For the opening two and final weeks of the run, West is accompanied by the Eric Reed trio, with energetic Reed on piano, David Wong on bass and Willie Jones III on drums. Along the way she'll also perform with the Bruce Barth Trio and the Xavier Davis Trio.
But no matter who's supporting her, West is fully capable of casting her own unique spell.
She opens the new show with two fast-paced jazz licks: "Day In, Day Out," in which Johnny Mercer tries to write like Cole Porter, and "It's All Right with Me," in which Porter successfully writes like Porter.
Then she does one of those distinctive Paula West things. Accompanied only by bass and drums, she steps forcefully into Nina Simone's streetwalker dirge "See-Line Woman" and gives it her own stamp: part jazz, part blues, part don't mess with me.
From this moment on (as they say), West takes full command of her 13-song, 70-minute set. She taps into some deep emotion on a full- throated "Why Was I Born?" before exposing her playful side on Leonard Feather's "Man Wanted," a funny, lovelorn tune made famous by Ethel Waters.
West swings hard on "Perdido" and the Gershwins' "It Ain't Necessarily So" and gives the simmering tango treatment to "Softly as in a Morning Sunrise."
West says that a good song is "flexible" and proves it with her driving version of Johnny Cash's "Folsom Prison Blues." Never mind that you could never believe West killed a man in Reno just to watch him die.
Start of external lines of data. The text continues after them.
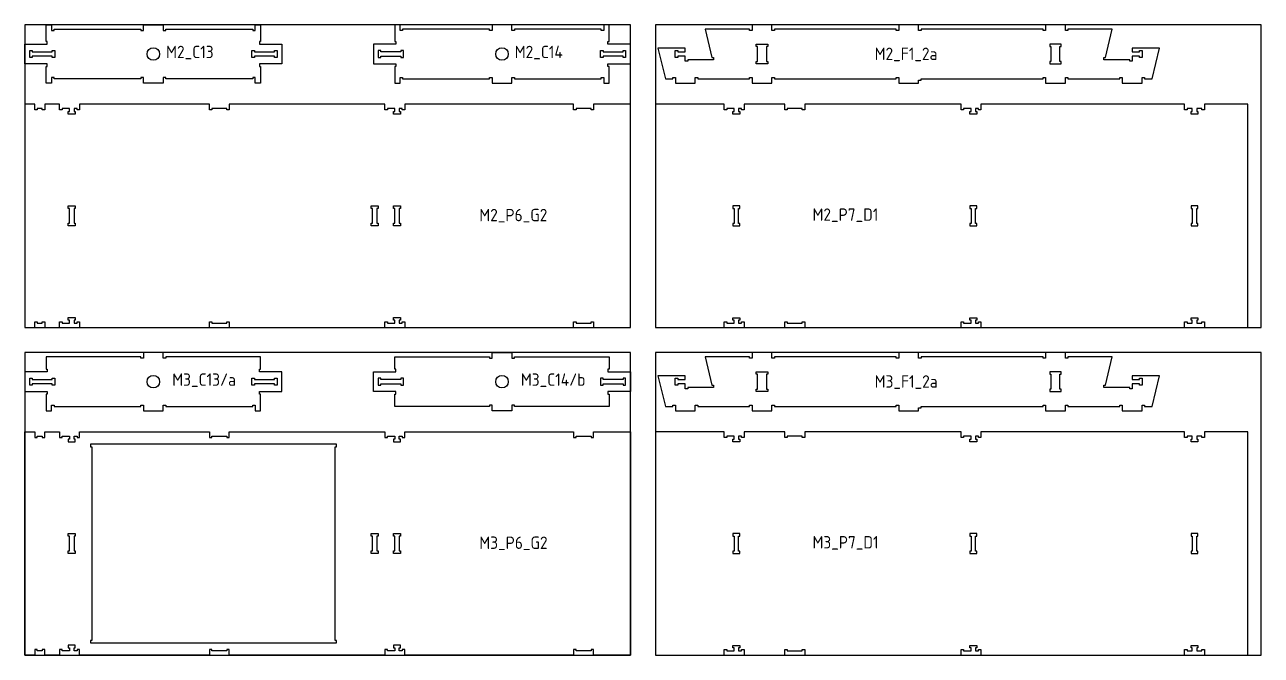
# Model space of a CAD drawing. Header units: millimetres. Extents: x -18174 to 50972, y 6312 to 16778.
# Drawn here: x -2268 to 2712, y 6312 to 8853 of the extents above; entities that cross this region are included whole.
import ezdxf

# ---------------------------------------------------------------- set-up
doc = ezdxf.new("R2010")
doc.units = ezdxf.units.MM
doc.header["$MEASUREMENT"] = 0
for name, color, linetype in [('freeswerk_CODES', 50, 'Continuous'), ('freeswerk_ELEMENTEN', 7, 'Continuous'), ('freeswerk_PLATEN', 3, 'Continuous')]:
    doc.layers.add(name, color=color, linetype=linetype)

msp = doc.modelspace()

# ---------------------------------------------------------------- linework, layer by layer
for centre in [(-1749.7, 8734.5), (-345.7, 8734.5), (-1749.7, 7414.5), (-345.7, 7414.5)]:
    msp.add_circle(centre, 25)
at = {"layer": 'freeswerk_ELEMENTEN'}
for points in [[(-1789.7, 8639.5), (-1799.7, 8639.5), (-1799.7, 8634.5), (-2149.7, 8634.5), (-2149.7, 8639.5), (-2159.7, 8639.5), (-2159.7, 8616.5), (-2181.7, 8616.5), (-2181.7, 8684.5), (-2176.7, 8684.5), (-2176.7, 8694.5), (-2267.7, 8694.5), (-2267.7, 8774.5), (-2176.7, 8774.5), (-2176.7, 8784.5), (-2181.7, 8784.5), (-2181.7, 8852.5), (-2159.7, 8852.5), (-2159.7, 8829.5), (-2149.7, 8829.5), (-2149.7, 8834.5), (-1799.7, 8834.5), (-1799.7, 8829.5), (-1789.7, 8829.5), (-1789.7, 8852.5), (-1709.7, 8852.5), (-1709.7, 8829.5), (-1699.7, 8829.5), (-1699.7, 8834.5), (-1349.7, 8834.5), (-1349.7, 8829.5), (-1339.7, 8829.5), (-1339.7, 8852.5), (-1317.7, 8852.5), (-1317.7, 8784.5), (-1322.7, 8784.5), (-1322.7, 8774.5), (-1231.7, 8774.5), (-1231.7, 8694.5), (-1322.7, 8694.5), (-1322.7, 8684.5), (-1317.7, 8684.5), (-1317.7, 8616.5), (-1339.7, 8616.5), (-1339.7, 8639.5), (-1349.7, 8639.5), (-1349.7, 8634.5), (-1699.7, 8634.5), (-1699.7, 8639.5), (-1709.7, 8639.5), (-1709.7, 8616.5), (-1789.7, 8616.5)], [(86.3, 8784.5), (86.3, 8852.5), (64.3, 8852.5), (64.3, 8829.5), (54.3, 8829.5), (54.3, 8834.5), (-295.7, 8834.5), (-295.7, 8829.5), (-305.7, 8829.5), (-305.7, 8852.5), (-385.7, 8852.5), (-385.7, 8829.5), (-395.7, 8829.5), (-395.7, 8834.5), (-745.7, 8834.5), (-745.7, 8829.5), (-755.7, 8829.5), (-755.7, 8852.5), (-777.7, 8852.5), (-777.7, 8784.5), (-772.7, 8784.5), (-772.7, 8774.5), (-863.7, 8774.5), (-863.7, 8694.5), (-772.7, 8694.5), (-772.7, 8684.5), (-777.7, 8684.5), (-777.7, 8616.5), (-755.7, 8616.5), (-755.7, 8639.5), (-745.7, 8639.5), (-745.7, 8634.5), (-395.7, 8634.5), (-395.7, 8639.5), (-385.7, 8639.5), (-385.7, 8616.5), (-305.7, 8616.5), (-305.7, 8639.5), (-295.7, 8639.5), (-295.7, 8634.5), (54.3, 8634.5), (54.3, 8639.5), (64.3, 8639.5), (64.3, 8616.5), (86.3, 8616.5), (86.3, 8684.5), (81.3, 8684.5), (81.3, 8694.5), (172.3, 8694.5), (172.3, 8774.5), (81.3, 8774.5), (81.3, 8784.5)], [(505.8, 8710.5), (402.3, 8710.5), (402.3, 8705.5), (392.3, 8705.5), (392.3, 8725.5), (362.3, 8725.5), (362.3, 8720.5), (352.3, 8720.5), (352.3, 8748.5), (362.3, 8748.5), (362.3, 8743.5), (392.3, 8743.5), (392.3, 8758.5), (282.3, 8758.5), (312.7, 8634.5), (342.7, 8634.5), (342.7, 8639.5), (352.7, 8639.5), (352.7, 8616.5), (432.7, 8616.5), (432.7, 8639.5), (442.7, 8639.5), (442.7, 8634.5), (651.4, 8634.5), (651.4, 8640.5), (661.4, 8640.5), (661.4, 8616.5), (741.4, 8616.5), (741.4, 8640.5), (751.4, 8640.5), (751.4, 8634.5), (1242.4, 8634.5), (1242.4, 8639.5), (1252.4, 8639.5), (1252.4, 8616.5), (1332.4, 8616.5), (1332.4, 8629.5), (1342.4, 8629.5), (1342.4, 8634.5), (1833.4, 8634.5), (1833.4, 8640.5), (1843.4, 8640.5), (1843.4, 8616.5), (1923.4, 8616.5), (1923.4, 8640.5), (1933.4, 8640.5), (1933.4, 8634.5), (2142.1, 8634.5), (2142.1, 8639.5), (2152.1, 8639.5), (2152.1, 8616.5), (2232.1, 8616.5), (2232.1, 8639.5), (2242.1, 8639.5), (2242.1, 8634.5), (2272.4, 8634.5), (2302.4, 8758.5), (2192.4, 8758.5), (2192.4, 8743.5), (2222.4, 8743.5), (2222.4, 8748.5), (2232.4, 8748.5), (2232.4, 8720.5), (2222.4, 8720.5), (2222.4, 8725.5), (2192.4, 8725.5), (2192.4, 8705.5), (2182.4, 8705.5), (2182.4, 8710.5), (2078.8, 8710.5), (2078.8, 8720.5), (2084.8, 8720.5), (2112.4, 8834.5), (1933.4, 8834.5), (1933.4, 8829.5), (1923.4, 8829.5), (1923.4, 8852.5), (1843.4, 8852.5), (1843.4, 8829.5), (1833.4, 8829.5), (1833.4, 8834.5), (1342.4, 8834.5), (1342.4, 8829.5), (1332.4, 8829.5), (1332.4, 8852.5), (1252.4, 8852.5), (1252.4, 8829.5), (1242.4, 8829.5), (1242.4, 8834.5), (751.4, 8834.5), (751.4, 8829.5), (741.4, 8829.5), (741.4, 8852.5), (661.4, 8852.5), (661.4, 8829.5), (651.4, 8829.5), (651.4, 8834.5), (472.3, 8834.5), (499.9, 8720.5), (505.8, 8720.5)], [(683.4, 8704.5), (683.4, 8764.5), (678.4, 8764.5), (678.4, 8774.5), (724.4, 8774.5), (724.4, 8764.5), (719.4, 8764.5), (719.4, 8704.5), (724.4, 8704.5), (724.4, 8694.5), (678.4, 8694.5), (678.4, 8704.5)], [(1860.4, 8774.5), (1860.4, 8764.5), (1865.4, 8764.5), (1865.4, 8704.5), (1860.4, 8704.5), (1860.4, 8694.5), (1906.4, 8694.5), (1906.4, 8704.5), (1901.4, 8704.5), (1901.4, 8764.5), (1906.4, 8764.5), (1906.4, 8774.5)], [(-2156.7, 8748.5), (-2146.7, 8748.5), (-2146.7, 8720.5), (-2156.7, 8720.5), (-2156.7, 8725.5), (-2237.7, 8725.5), (-2237.7, 8720.5), (-2247.7, 8720.5), (-2247.7, 8748.5), (-2237.7, 8748.5), (-2237.7, 8743.5), (-2156.7, 8743.5)], [(-1261.7, 8720.5), (-1261.7, 8725.5), (-1342.7, 8725.5), (-1342.7, 8720.5), (-1352.7, 8720.5), (-1352.7, 8748.5), (-1342.7, 8748.5), (-1342.7, 8743.5), (-1261.7, 8743.5), (-1261.7, 8748.5), (-1251.7, 8748.5), (-1251.7, 8720.5)], [(-833.7, 8743.5), (-833.7, 8748.5), (-843.7, 8748.5), (-843.7, 8720.5), (-833.7, 8720.5), (-833.7, 8725.5), (-752.7, 8725.5), (-752.7, 8720.5), (-742.7, 8720.5), (-742.7, 8748.5), (-752.7, 8748.5), (-752.7, 8743.5)], [(142.3, 8725.5), (61.3, 8725.5), (61.3, 8720.5), (51.3, 8720.5), (51.3, 8748.5), (61.3, 8748.5), (61.3, 8743.5), (142.3, 8743.5), (142.3, 8748.5), (152.3, 8748.5), (152.3, 8720.5), (142.3, 8720.5)], [(-2057.1, 8514.5), (-2069.1, 8514.5), (-2069.1, 8502.5), (-2064.1, 8502.5), (-2064.1, 8492.5), (-2092.1, 8492.5), (-2092.1, 8502.5), (-2087.1, 8502.5), (-2087.1, 8514.5), (-2117.1, 8514.5), (-2117.1, 8509.5), (-2127.1, 8509.5), (-2127.1, 8532.5), (-2187.1, 8532.5), (-2187.1, 8509.5), (-2197.1, 8509.5), (-2197.1, 8514.5), (-2217.1, 8514.5), (-2217.1, 8509.5), (-2227.1, 8509.5), (-2227.1, 8532.5), (-2267.7, 8532.5), (-2267.7, 7632.5), (-2227.1, 7632.5), (-2227.1, 7655.5), (-2217.1, 7655.5), (-2217.1, 7650.5), (-2197.1, 7650.5), (-2197.1, 7655.5), (-2187.1, 7655.5), (-2187.1, 7632.5), (-2127.1, 7632.5), (-2127.1, 7655.5), (-2117.1, 7655.5), (-2117.1, 7650.5), (-2087.1, 7650.5), (-2087.1, 7662.5), (-2092.1, 7662.5), (-2092.1, 7672.5), (-2064.1, 7672.5), (-2064.1, 7662.5), (-2069.1, 7662.5), (-2069.1, 7650.5), (-2057.1, 7650.5), (-2057.1, 7655.5), (-2047.1, 7655.5), (-2047.1, 7632.5), (-1524.1, 7632.5), (-1524.1, 7655.5), (-1514.1, 7655.5), (-1514.1, 7650.5), (-1454.1, 7650.5), (-1454.1, 7655.5), (-1444.1, 7655.5), (-1444.1, 7632.5), (-817.1, 7632.5), (-817.1, 7655.5), (-807.1, 7655.5), (-807.1, 7650.5), (-777.1, 7650.5), (-777.1, 7662.5), (-782.1, 7662.5), (-782.1, 7672.5), (-754.1, 7672.5), (-754.1, 7662.5), (-759.1, 7662.5), (-759.1, 7650.5), (-747.1, 7650.5), (-747.1, 7655.5), (-737.1, 7655.5), (-737.1, 7632.5), (-57.1, 7632.5), (-57.1, 7655.5), (-47.1, 7655.5), (-47.1, 7650.5), (12.9, 7650.5), (12.9, 7655.5), (22.9, 7655.5), (22.9, 7632.5), (172.3, 7632.5), (172.3, 8532.5), (22.9, 8532.5), (22.9, 8509.5), (12.9, 8509.5), (12.9, 8514.5), (-47.1, 8514.5), (-47.1, 8509.5), (-57.1, 8509.5), (-57.1, 8532.5), (-737.1, 8532.5), (-737.1, 8509.5), (-747.1, 8509.5), (-747.1, 8514.5), (-759.1, 8514.5), (-759.1, 8502.5), (-754.1, 8502.5), (-754.1, 8492.5), (-782.1, 8492.5), (-782.1, 8502.5), (-777.1, 8502.5), (-777.1, 8514.5), (-807.1, 8514.5), (-807.1, 8509.5), (-817.1, 8509.5), (-817.1, 8532.5), (-1444.1, 8532.5), (-1444.1, 8509.5), (-1454.1, 8509.5), (-1454.1, 8514.5), (-1514.1, 8514.5), (-1514.1, 8509.5), (-1524.1, 8509.5), (-1524.1, 8532.5), (-2047.1, 8532.5), (-2047.1, 8509.5), (-2057.1, 8509.5)], [(629.5, 7632.4), (793.5, 7632.4), (793.5, 7655.4), (803.5, 7655.4), (803.5, 7650.4), (863.5, 7650.4), (863.5, 7655.4), (873.5, 7655.4), (873.5, 7632.4), (1503.5, 7632.4), (1503.5, 7655.4), (1513.5, 7655.4), (1513.5, 7650.4), (1543.5, 7650.4), (1543.5, 7662.4), (1538.5, 7662.4), (1538.5, 7672.4), (1566.5, 7672.4), (1566.5, 7662.4), (1561.5, 7662.4), (1561.5, 7650.4), (1573.5, 7650.4), (1573.5, 7655.4), (1583.5, 7655.4), (1583.5, 7632.4), (2403.5, 7632.4), (2403.5, 7655.4), (2413.5, 7655.4), (2413.5, 7650.4), (2434.5, 7650.4), (2434.5, 7662.4), (2429.5, 7662.4), (2429.5, 7672.4), (2457.5, 7672.4), (2457.5, 7662.4), (2452.5, 7662.4), (2452.5, 7650.4), (2473.5, 7650.4), (2473.5, 7655.4), (2483.5, 7655.4), (2483.5, 7632.4), (2657.7, 7632.4), (2657.7, 8532.4), (2483.5, 8532.4), (2483.5, 8509.4), (2473.5, 8509.4), (2473.5, 8514.4), (2452.5, 8514.4), (2452.5, 8502.4), (2457.5, 8502.4), (2457.5, 8492.4), (2429.5, 8492.4), (2429.5, 8502.4), (2434.5, 8502.4), (2434.5, 8514.4), (2413.5, 8514.4), (2413.5, 8509.4), (2403.5, 8509.4), (2403.5, 8532.4), (1583.5, 8532.4), (1583.5, 8509.4), (1573.5, 8509.4), (1573.5, 8514.4), (1561.5, 8514.4), (1561.5, 8502.4), (1566.5, 8502.4), (1566.5, 8492.4), (1538.5, 8492.4), (1538.5, 8502.4), (1543.5, 8502.4), (1543.5, 8514.4), (1513.5, 8514.4), (1513.5, 8509.4), (1503.5, 8509.4), (1503.5, 8532.4), (873.5, 8532.4), (873.5, 8509.4), (863.5, 8509.4), (863.5, 8514.4), (803.5, 8514.4), (803.5, 8509.4), (793.5, 8509.4), (793.5, 8532.4), (629.5, 8532.4), (629.5, 8509.4), (619.5, 8509.4), (619.5, 8514.4), (607.5, 8514.4), (607.5, 8502.4), (612.5, 8502.4), (612.5, 8492.4), (584.5, 8492.4), (584.5, 8502.4), (589.5, 8502.4), (589.5, 8514.4), (559.5, 8514.4), (559.5, 8509.4), (549.5, 8509.4), (549.5, 8532.4), (272.3, 8532.4), (272.3, 7632.4), (549.5, 7632.4), (549.5, 7655.4), (559.5, 7655.4), (559.5, 7650.4), (589.5, 7650.4), (589.5, 7662.4), (584.5, 7662.4), (584.5, 7672.4), (612.5, 7672.4), (612.5, 7662.4), (607.5, 7662.4), (607.5, 7650.4), (619.5, 7650.4), (619.5, 7655.4), (629.5, 7655.4)], [(-2064.1, 8122.5), (-2064.1, 8112.5), (-2069.1, 8112.5), (-2069.1, 8052.5), (-2064.1, 8052.5), (-2064.1, 8042.5), (-2092.1, 8042.5), (-2092.1, 8052.5), (-2087.1, 8052.5), (-2087.1, 8112.5), (-2092.1, 8112.5), (-2092.1, 8122.5)], [(-844.1, 8122.5), (-844.1, 8112.5), (-849.1, 8112.5), (-849.1, 8052.5), (-844.1, 8052.5), (-844.1, 8042.5), (-872.1, 8042.5), (-872.1, 8052.5), (-867.1, 8052.5), (-867.1, 8112.5), (-872.1, 8112.5), (-872.1, 8122.5)], [(-759.1, 8052.5), (-754.1, 8052.5), (-754.1, 8042.5), (-782.1, 8042.5), (-782.1, 8052.5), (-777.1, 8052.5), (-777.1, 8112.5), (-782.1, 8112.5), (-782.1, 8122.5), (-754.1, 8122.5), (-754.1, 8112.5), (-759.1, 8112.5)], [(612.5, 8122.4), (584.5, 8122.4), (584.5, 8112.4), (589.5, 8112.4), (589.5, 8052.4), (584.5, 8052.4), (584.5, 8042.4), (612.5, 8042.4), (612.5, 8052.4), (607.5, 8052.4), (607.5, 8112.4), (612.5, 8112.4)], [(1543.5, 8112.4), (1543.5, 8052.4), (1538.5, 8052.4), (1538.5, 8042.4), (1566.5, 8042.4), (1566.5, 8052.4), (1561.5, 8052.4), (1561.5, 8112.4), (1566.5, 8112.4), (1566.5, 8122.4), (1538.5, 8122.4), (1538.5, 8112.4)], [(2434.5, 8112.4), (2434.5, 8052.4), (2429.5, 8052.4), (2429.5, 8042.4), (2457.5, 8042.4), (2457.5, 8052.4), (2452.5, 8052.4), (2452.5, 8112.4), (2457.5, 8112.4), (2457.5, 8122.4), (2429.5, 8122.4), (2429.5, 8112.4)], [(-1231.7, 7454.5), (-1322.7, 7454.5), (-1322.7, 7464.5), (-1317.7, 7464.5), (-1317.7, 7514.5), (-1699.7, 7514.5), (-1699.7, 7509.5), (-1709.7, 7509.5), (-1709.7, 7532.5), (-1789.7, 7532.5), (-1789.7, 7509.5), (-1799.7, 7509.5), (-1799.7, 7514.5), (-2181.7, 7514.5), (-2181.7, 7464.5), (-2176.7, 7464.5), (-2176.7, 7454.5), (-2267.7, 7454.5), (-2267.7, 7374.5), (-2176.7, 7374.5), (-2176.7, 7364.5), (-2181.7, 7364.5), (-2181.7, 7296.5), (-2159.7, 7296.5), (-2159.7, 7319.5), (-2149.7, 7319.5), (-2149.7, 7314.5), (-1799.7, 7314.5), (-1799.7, 7319.5), (-1789.7, 7319.5), (-1789.7, 7296.5), (-1709.7, 7296.5), (-1709.7, 7319.5), (-1699.7, 7319.5), (-1699.7, 7314.5), (-1349.7, 7314.5), (-1349.7, 7319.5), (-1339.7, 7319.5), (-1339.7, 7296.5), (-1317.7, 7296.5), (-1317.7, 7364.5), (-1322.7, 7364.5), (-1322.7, 7374.5), (-1231.7, 7374.5)], [(-395.7, 7319.5), (-395.7, 7314.5), (-777.7, 7314.5), (-777.7, 7364.5), (-772.7, 7364.5), (-772.7, 7374.5), (-863.7, 7374.5), (-863.7, 7454.5), (-772.7, 7454.5), (-772.7, 7464.5), (-777.7, 7464.5), (-777.7, 7514.5), (-395.7, 7514.5), (-395.7, 7509.5), (-385.7, 7509.5), (-385.7, 7532.5), (-305.7, 7532.5), (-305.7, 7509.5), (-295.7, 7509.5), (-295.7, 7514.5), (86.3, 7514.5), (86.3, 7464.5), (81.3, 7464.5), (81.3, 7454.5), (172.3, 7454.5), (172.3, 7374.5), (81.3, 7374.5), (81.3, 7364.5), (86.3, 7364.5), (86.3, 7314.5), (-295.7, 7314.5), (-295.7, 7319.5), (-305.7, 7319.5), (-305.7, 7296.5), (-385.7, 7296.5), (-385.7, 7319.5)], [(505.8, 7390.5), (402.3, 7390.5), (402.3, 7385.5), (392.3, 7385.5), (392.3, 7405.5), (362.3, 7405.5), (362.3, 7400.5), (352.3, 7400.5), (352.3, 7428.5), (362.3, 7428.5), (362.3, 7423.5), (392.3, 7423.5), (392.3, 7438.5), (282.3, 7438.5), (312.7, 7314.5), (342.7, 7314.5), (342.7, 7319.5), (352.7, 7319.5), (352.7, 7296.5), (432.7, 7296.5), (432.7, 7319.5), (442.7, 7319.5), (442.7, 7314.5), (651.4, 7314.5), (651.4, 7320.5), (661.4, 7320.5), (661.4, 7296.5), (741.4, 7296.5), (741.4, 7320.5), (751.4, 7320.5), (751.4, 7314.5), (1242.4, 7314.5), (1242.4, 7319.5), (1252.4, 7319.5), (1252.4, 7296.5), (1332.4, 7296.5), (1332.4, 7309.5), (1342.4, 7309.5), (1342.4, 7314.5), (1833.4, 7314.5), (1833.4, 7320.5), (1843.4, 7320.5), (1843.4, 7296.5), (1923.4, 7296.5), (1923.4, 7320.5), (1933.4, 7320.5), (1933.4, 7314.5), (2142.1, 7314.5), (2142.1, 7319.5), (2152.1, 7319.5), (2152.1, 7296.5), (2232.1, 7296.5), (2232.1, 7319.5), (2242.1, 7319.5), (2242.1, 7314.5), (2272.4, 7314.5), (2302.4, 7438.5), (2192.4, 7438.5), (2192.4, 7423.5), (2222.4, 7423.5), (2222.4, 7428.5), (2232.4, 7428.5), (2232.4, 7400.5), (2222.4, 7400.5), (2222.4, 7405.5), (2192.4, 7405.5), (2192.4, 7385.5), (2182.4, 7385.5), (2182.4, 7390.5), (2078.8, 7390.5), (2078.8, 7400.5), (2084.8, 7400.5), (2112.4, 7514.5), (1933.4, 7514.5), (1933.4, 7509.5), (1923.4, 7509.5), (1923.4, 7532.5), (1843.4, 7532.5), (1843.4, 7509.5), (1833.4, 7509.5), (1833.4, 7514.5), (1342.4, 7514.5), (1342.4, 7509.5), (1332.4, 7509.5), (1332.4, 7532.5), (1252.4, 7532.5), (1252.4, 7509.5), (1242.4, 7509.5), (1242.4, 7514.5), (751.4, 7514.5), (751.4, 7509.5), (741.4, 7509.5), (741.4, 7532.5), (661.4, 7532.5), (661.4, 7509.5), (651.4, 7509.5), (651.4, 7514.5), (472.3, 7514.5), (499.9, 7400.5), (505.8, 7400.5)], [(-2156.7, 7428.5), (-2146.7, 7428.5), (-2146.7, 7400.5), (-2156.7, 7400.5), (-2156.7, 7405.5), (-2237.7, 7405.5), (-2237.7, 7400.5), (-2247.7, 7400.5), (-2247.7, 7428.5), (-2237.7, 7428.5), (-2237.7, 7423.5), (-2156.7, 7423.5)], [(-1261.7, 7405.5), (-1342.7, 7405.5), (-1342.7, 7400.5), (-1352.7, 7400.5), (-1352.7, 7428.5), (-1342.7, 7428.5), (-1342.7, 7423.5), (-1261.7, 7423.5), (-1261.7, 7428.5), (-1251.7, 7428.5), (-1251.7, 7400.5), (-1261.7, 7400.5)], [(-833.7, 7405.5), (-752.7, 7405.5), (-752.7, 7400.5), (-742.7, 7400.5), (-742.7, 7428.5), (-752.7, 7428.5), (-752.7, 7423.5), (-833.7, 7423.5), (-833.7, 7428.5), (-843.7, 7428.5), (-843.7, 7400.5), (-833.7, 7400.5)], [(61.3, 7428.5), (51.3, 7428.5), (51.3, 7400.5), (61.3, 7400.5), (61.3, 7405.5), (142.3, 7405.5), (142.3, 7400.5), (152.3, 7400.5), (152.3, 7428.5), (142.3, 7428.5), (142.3, 7423.5), (61.3, 7423.5)], [(683.4, 7384.5), (683.4, 7444.5), (678.4, 7444.5), (678.4, 7454.5), (724.4, 7454.5), (724.4, 7444.5), (719.4, 7444.5), (719.4, 7384.5), (724.4, 7384.5), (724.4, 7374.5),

It's just fun to hear her give the song a whole new feel.
She doesn't fare as well with Bob Dylan's "Mr. Tambourine Man," a less flexible song that carries a tangy whiff of star-gazing hippie patchouli.
Her take on the overly dramatic Irish ballad "Danny Boy" doesn't quite connect with the song's rampant emotion, but the arrangement, with delicately bowed bass and hollow drums, transforms the tune into an eerie ghost story.
Because this is West's anniversary (tradition holds we should offer her gifts of tin or aluminum), it seems only fitting that one of her show's greatest moments comes with Ralph Rainger and Leo Robin's "Thanks for the Memory," an Academy Award winner introduced by Bob Hope and Shirley Ross in "The Big Broadcast of 1938."
Beautifully sung with warmth, charm and style to spare, the song is a fitting way to celebrate Paula West's talent and accomplishments thus far and to toast a future in which, as the old song says, the best is yet to come.